IF you'd only read the newspaper serialisations, you would have thought Frankie Dettori's autobiography was simply a tale of near death, drugs, fast cars and faster women.

In fact, such moments of controversy play only a small part in a hugely entertaining read that is a step apart from the usual breed of sports autobiographies.

Such autobiographies normally fall into two categories: sensationalised fiction that seeks to raise much-needed cash; or boring chronology only fit for use as an aid to sleep.

Thankfully, Frankie is neither. Readers are drawn in immediately as Dettori remembers the moment he almost died four years ago when a plane in which he was a passenger crashed outside Newmarket racecourse.

From there, you are hooked. Frankie may have been written with racing writer Jonathan Powell, but it's clear the diminutive jockey played a leading role.

The prose cleverly captures Dettori's public persona - a cheeky chap up for a laugh and a man irresistible to the media and punters.

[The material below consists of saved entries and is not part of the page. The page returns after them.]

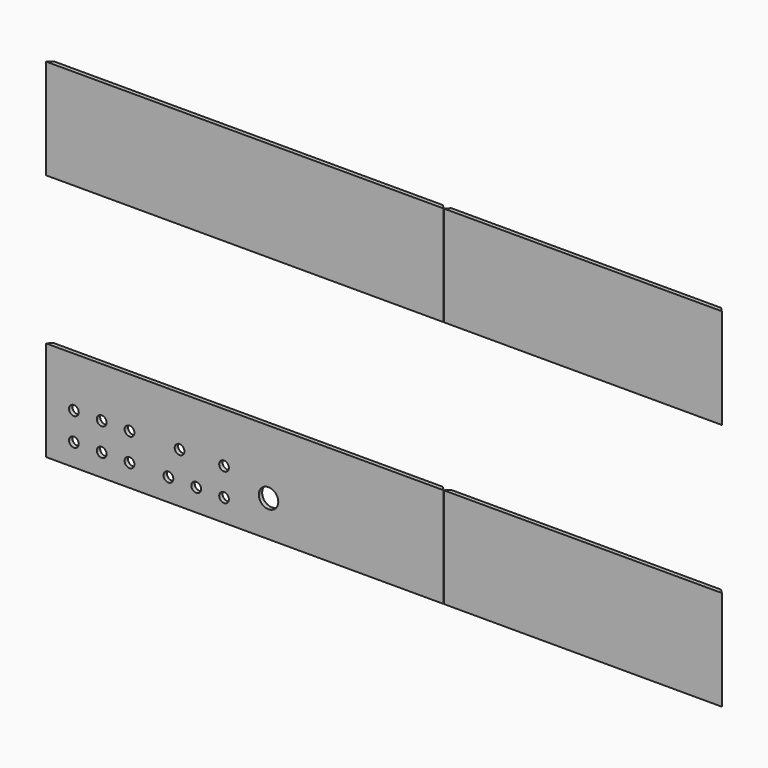
from build123d import *

# Parameters (mm, degrees)
F0_W      = 454.025
F0_H      = 114.3
F0_R      = 5.5626
F0_R_2    = 11.1125
F1_DEPTH  = 4.7752
F0_W_2    = 317.5
F2_SIZE   = 4.77519
F2_2_SIZE = 4.77519
F2_3_SIZE = 4.77519
F2_4_SIZE = 4.77519


# Not quite as in the source:
# - a fillet or chamfer is up to 0.001 mm smaller than in the source, because OpenCascade refuses the exact size
# - a feature names something its author has since deleted; it is built from what else it names


with BuildPart() as f1:
    # F0 (on Front) → F1 (new body)
    with BuildSketch(Plane.XZ):
        with Locations((37.6425363503, 2.1368730813)):
            Rectangle(F0_W, F0_H)
        with Locations((-157.6199636497, -29.6131269187)):
            Circle(F0_R, mode=Mode.SUBTRACT)
        with Locations((-125.8699636497, -29.6131269187)):
            Circle(F0_R, mode=Mode.SUBTRACT)
        with Locations((-94.1199636497, -29.6131269187)):
            Circle(F0_R, mode=Mode.SUBTRACT)
        with Locations((-49.6699636497, -29.6131269187)):
            Circle(F0_R, mode=Mode.SUBTRACT)
        with Locations((-17.9199636497, -29.6131269187)):
            Circle(F0_R, mode=Mode.SUBTRACT)
        with Locations((-157.6199636497, 2.1368730813)):
            Circle(F0_R, mode=Mode.SUBTRACT)
        with Locations((-125.8699636497, 2.1368730813)):
            Circle(F0_R, mode=Mode.SUBTRACT)
        with Locations((-94.1199636497, 2.1368730813)):
            Circle(F0_R, mode=Mode.SUBTRACT)
        with Locations((-36.9699636497, 2.1368730813)):
            Circle(F0_R, mode=Mode.SUBTRACT)
        with Locations((13.8300363503, -29.6131269187)):
            Circle(F0_R, mode=Mode.SUBTRACT)
        with Locations((64.6300363503, -13.7381269187)):
            Circle(F0_R_2, mode=Mode.SUBTRACT)
        with Locations((13.8300363503, 2.1368730813)):
            Circle(F0_R, mode=Mode.SUBTRACT)
    extrude(amount=F1_DEPTH)

    # F2#2 (size 4.7752 in the source; OpenCascade refuses exactly that, so slightly less here)
    f2_2_edges = [f1.edges().sort_by_distance(p)[0] for p in [
        (264.655036, 0, 2.136873),
        (-189.369964, 0, 2.136873),
    ]]
    chamfer(f2_2_edges, length=F2_2_SIZE)


with BuildPart() as f1b:
    # F0 (on Front) → F1, piece 2 (new body)
    with BuildSketch(Plane.XZ):
        with Locations((37.6425363503, 285.3470083714)):
            Rectangle(F0_W, F0_H)
    extrude(amount=F1_DEPTH)

    # F2 (size 4.7752 in the source; OpenCascade refuses exactly that, so slightly less here)
    f2_edges = [f1b.edges().sort_by_distance(p)[0] for p in [
        (264.655036, 0, 285.347008),
        (-189.369964, 0, 285.347008),
    ]]
    chamfer(f2_edges, length=F2_SIZE)


with BuildPart() as f1c:
    # F0 (on Front) → F1, piece 3 (new body)
    with BuildSketch(Plane.XZ):
        with Locations((423.5320413113, 2.1368730813)):
            Rectangle(F0_W_2, F0_H)
    extrude(amount=F1_DEPTH)

    # F2#3 (size 4.7752 in the source; OpenCascade refuses exactly that, so slightly less here)
    f2_3_edges = [f1c.edges().sort_by_distance(p)[0] for p in [
        (582.282041, 0, 2.136873),
        (264.782041, 0, 2.136873),
    ]]
    chamfer(f2_3_edges, length=F2_3_SIZE)


with BuildPart() as f1d:
    # F0 (on Front) → F1, piece 4 (new body)
    with BuildSketch(Plane.XZ):
        with Locations((423.4609160386, 285.3470083714)):
            Rectangle(F0_W_2, F0_H)
    extrude(amount=F1_DEPTH)

    # F2#4 (size 4.7752 in the source; OpenCascade refuses exactly that, so slightly less here)
    f2_4_edges = [f1d.edges().sort_by_distance(p)[0] for p in [
        (264.710916, 0, 285.347008),
        (582.210916, 0, 285.347008),
    ]]
    chamfer(f2_4_edges, length=F2_4_SIZE)


solid = Compound([f1.part, f1b.part, f1c.part, f1d.part])

Indeed, the book's easy charm allows the reader to forgive many of Dettori's early indiscretions. You really can feel his fear as he relives the moment he was caught by police with cocaine in his pocket and his pain when he nearly ended up on the racing scrap-heap after a bust-up with Italian trainer Luca Cumani.

Most of all, Frankie is a book of racing triumphs. Each of his winners, from the first race to his nine classics, are all replayed in exquisite detail, taking the reader along every furlong and every strike of the whip.

It is a chronicle of celebrity, and the fame that being a household name can bring, but it is also a book about the harsh realities of life as a jockey, from donning bin-bags for runs to lose weight to drinking water and spending days asleep to stave off hunger pangs.

Frankie is fascinating and a superb account of one of Britain's best-loved sporting characters.